TASK TO CARRY OUT – Transcribe these records exactly, dropping every picture.

SUPPLIED RECORDS –
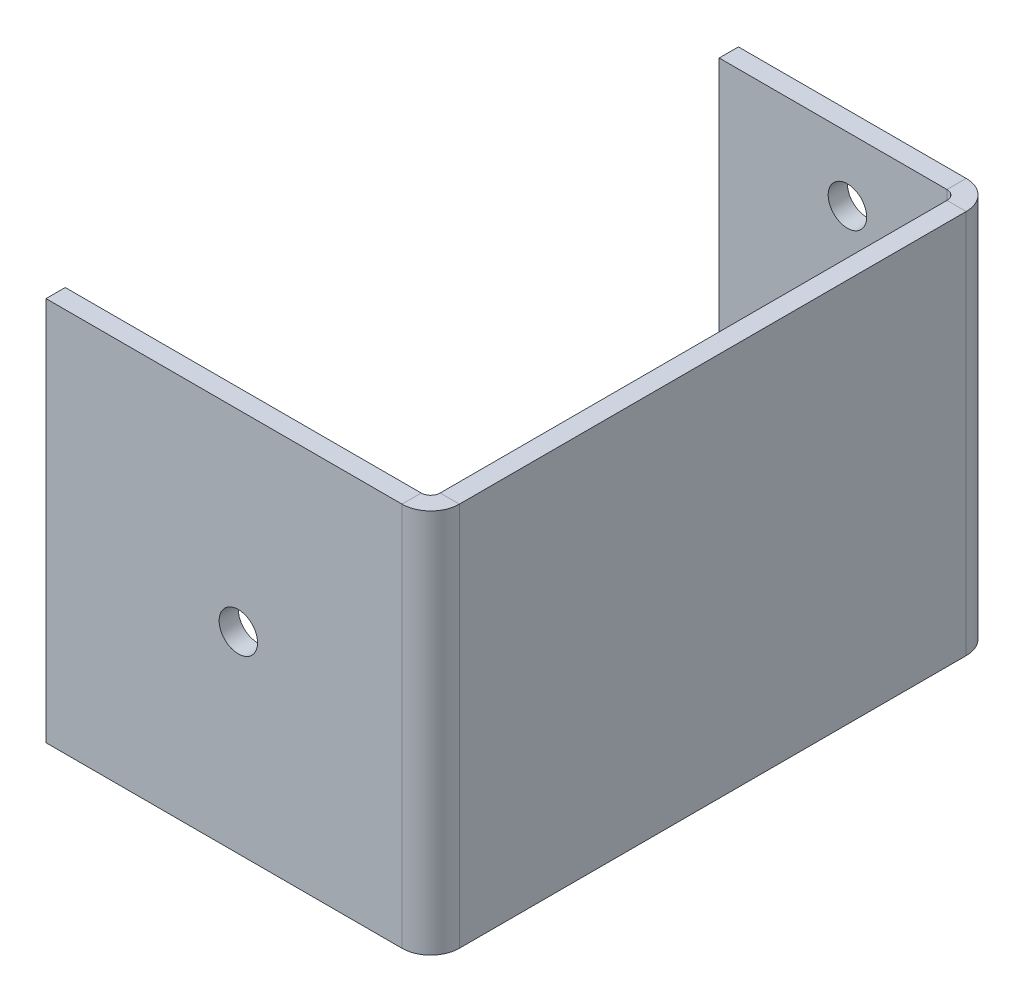
from build123d import *

# Parameters (mm, degrees)
BASE_FLANGE1_DEPTH                     = 30
F_3_0MM_TRANSITIONAL_DOWEL_HOLE1_D     = 3
F_3_0MM_TRANSITIONAL_DOWEL_HOLE1_DEPTH = 1.5
F_3_0MM_TRANSITIONAL_DOWEL_HOLE2_D     = 3
F_3_0MM_TRANSITIONAL_DOWEL_HOLE2_DEPTH = 1.5
F_3_0MM_PRESS_DOWEL_HOLE1_D            = 3
F_3_0MM_PRESS_DOWEL_HOLE1_DEPTH        = 6
F_3_0MM_PRESS_DOWEL_HOLE1_TIP          = 0.901290929


# Sheet-metal steps are written as plain solids
with BuildPart() as part:
    # Sketch1 → Base-Flange1 (new body)
    with BuildSketch(Plane(origin=(0, 0, 0), x_dir=(1, 0, 0), z_dir=(0, 1, 0))):
        with BuildLine():
            Line((0, 0), (17.7634, 0))
            ThreePointArc((17.7634, 0), (19.344915027, -0.655084973), (20, -2.2366))
            Line((20, -2.2366), (20, -41.7634))
            ThreePointArc((20, -41.7634), (19.344915027, -43.344915027), (17.7634, -44))
            Line((17.7634, -44), (-10, -44))
            Line((-10, -44), (-10, -42.5))
            Line((-10, -42.5), (17.7634, -42.5))
            ThreePointArc((17.7634, -42.5), (18.284254855, -42.284254855), (18.5, -41.7634))
            Line((18.5, -41.7634), (18.5, -2.2366))
            ThreePointArc((18.5, -2.2366), (18.284254855, -1.715745145), (17.7634, -1.5))
            Line((17.7634, -1.5), (0, -1.5))
            Line((0, -1.5), (0, 0))
        make_face()
    extrude(amount=BASE_FLANGE1_DEPTH)

    # Ø3.0mm Transitional Dowel Hole1
    with Locations(Plane(origin=(0, 0, 0), x_dir=(-1, 0, 0), z_dir=(0, 0, -1))):
        with Locations((-10, 25), (-10, 5)):
            Hole(F_3_0MM_TRANSITIONAL_DOWEL_HOLE1_D / 2, depth=F_3_0MM_TRANSITIONAL_DOWEL_HOLE1_DEPTH)

    # Ø3.0mm Transitional Dowel Hole2
    with Locations(Plane.XY.offset(44)):
        with Locations((5, 15)):
            Hole(F_3_0MM_TRANSITIONAL_DOWEL_HOLE2_D / 2, depth=F_3_0MM_TRANSITIONAL_DOWEL_HOLE2_DEPTH)

    # Ø3.0mm Press Dowel Hole1
    with Locations(Plane(origin=(146.531359221, 116.2862719, -6), x_dir=(0, -1, 0), z_dir=(0, 0, -1))):
        with Locations((220.525513363, 156.531359221), (102.525513363, 181.531359221), (102.525513363, 271.531359221), (89.19270005, 226.531359221), (210.525513363, 317.793651488), (230.525513363, 317.793651488), (252.525513363, 320.462332131), (232.525513363, 300.462332131), (252.525513363, 132.600386311), (232.525513363, 152.600386311), (111.286271896, 136.531359221), (91.286271896, 136.531359221), (41.525513363, 196.432813402), (13.525513363, 196.432813402), (41.525513363, 138.767959221), (13.525513363, 138.767959221), (41.525513363, 256.62990504), (13.525513363, 256.62990504), (41.525513363, 314.294759221), (13.525513363, 314.294759221)):
            Hole(F_3_0MM_PRESS_DOWEL_HOLE1_D / 2, depth=F_3_0MM_PRESS_DOWEL_HOLE1_DEPTH)
            with Locations((0, 0, -(F_3_0MM_PRESS_DOWEL_HOLE1_DEPTH + F_3_0MM_PRESS_DOWEL_HOLE1_TIP / 2))):  # 118° drill point
                Cone(0, F_3_0MM_PRESS_DOWEL_HOLE1_D / 2, F_3_0MM_PRESS_DOWEL_HOLE1_TIP, mode=Mode.SUBTRACT)


solid = part.part

EXPECTED ANSWER –
from build123d import *

# Parameters (mm, degrees)
BASE_FLANGE1_DEPTH                     = 30
F_3_0MM_TRANSITIONAL_DOWEL_HOLE1_D     = 3
F_3_0MM_TRANSITIONAL_DOWEL_HOLE1_DEPTH = 1.5
F_3_0MM_TRANSITIONAL_DOWEL_HOLE2_D     = 3
F_3_0MM_TRANSITIONAL_DOWEL_HOLE2_DEPTH = 1.5
F_3_0MM_PRESS_DOWEL_HOLE1_D            = 3
F_3_0MM_PRESS_DOWEL_HOLE1_DEPTH        = 6
F_3_0MM_PRESS_DOWEL_HOLE1_TIP          = 0.901290929


# Sheet-metal steps are written as plain solids
with BuildPart() as part:
    # Sketch1 → Base-Flange1 (new body)
    with BuildSketch(Plane(origin=(0, 0, 0), x_dir=(1, 0, 0), z_dir=(0, 1, 0))):
        with BuildLine():
            Line((0, 0), (17.7634, 0))
            ThreePointArc((17.7634, 0), (19.344915027, -0.655084973), (20, -2.2366))
            Line((20, -2.2366), (20, -41.7634))
            ThreePointArc((20, -41.7634), (19.344915027, -43.344915027), (17.7634, -44))
            Line((17.7634, -44), (-10, -44))
            Line((-10, -44), (-10, -42.5))
            Line((-10, -42.5), (17.7634, -42.5))
            ThreePointArc((17.7634, -42.5), (18.284254855, -42.284254855), (18.5, -41.7634))
            Line((18.5, -41.7634), (18.5, -2.2366))
            ThreePointArc((18.5, -2.2366), (18.284254855, -1.715745145), (17.7634, -1.5))
            Line((17.7634, -1.5), (0, -1.5))
            Line((0, -1.5), (0, 0))
        make_face()
    extrude(amount=BASE_FLANGE1_DEPTH)

    # Ø3.0mm Transitional Dowel Hole1
    with Locations(Plane(origin=(0, 0, 0), x_dir=(-1, 0, 0), z_dir=(0, 0, -1))):
        with Locations((-10, 25), (-10, 5)):
            Hole(F_3_0MM_TRANSITIONAL_DOWEL_HOLE1_D / 2, depth=F_3_0MM_TRANSITIONAL_DOWEL_HOLE1_DEPTH)

    # Ø3.0mm Transitional Dowel Hole2
    with Locations(Plane.XY.offset(44)):
        with Locations((5, 15)):
            Hole(F_3_0MM_TRANSITIONAL_DOWEL_HOLE2_D / 2, depth=F_3_0MM_TRANSITIONAL_DOWEL_HOLE2_DEPTH)

    # Ø3.0mm Press Dowel Hole1
    with Locations(Plane(origin=(146.531359221, 116.2862719, -6), x_dir=(0, -1, 0), z_dir=(0, 0, -1))):
        with Locations((220.525513363, 156.531359221), (102.525513363, 181.531359221), (102.525513363, 271.531359221), (89.19270005, 226.531359221), (210.525513363, 317.793651488), (230.525513363, 317.793651488), (252.525513363, 320.462332131), (232.525513363, 300.462332131), (252.525513363, 132.600386311), (232.525513363, 152.600386311), (111.286271896, 136.531359221), (91.286271896, 136.531359221), (41.525513363, 196.432813402), (13.525513363, 196.432813402), (41.525513363, 138.767959221), (13.525513363, 138.767959221), (41.525513363, 256.62990504), (13.525513363, 256.62990504), (41.525513363, 314.294759221), (13.525513363, 314.294759221)):
            Hole(F_3_0MM_PRESS_DOWEL_HOLE1_D / 2, depth=F_3_0MM_PRESS_DOWEL_HOLE1_DEPTH)
            with Locations((0, 0, -(F_3_0MM_PRESS_DOWEL_HOLE1_DEPTH + F_3_0MM_PRESS_DOWEL_HOLE1_TIP / 2))):  # 118° drill point
                Cone(0, F_3_0MM_PRESS_DOWEL_HOLE1_D / 2, F_3_0MM_PRESS_DOWEL_HOLE1_TIP, mode=Mode.SUBTRACT)


solid = part.part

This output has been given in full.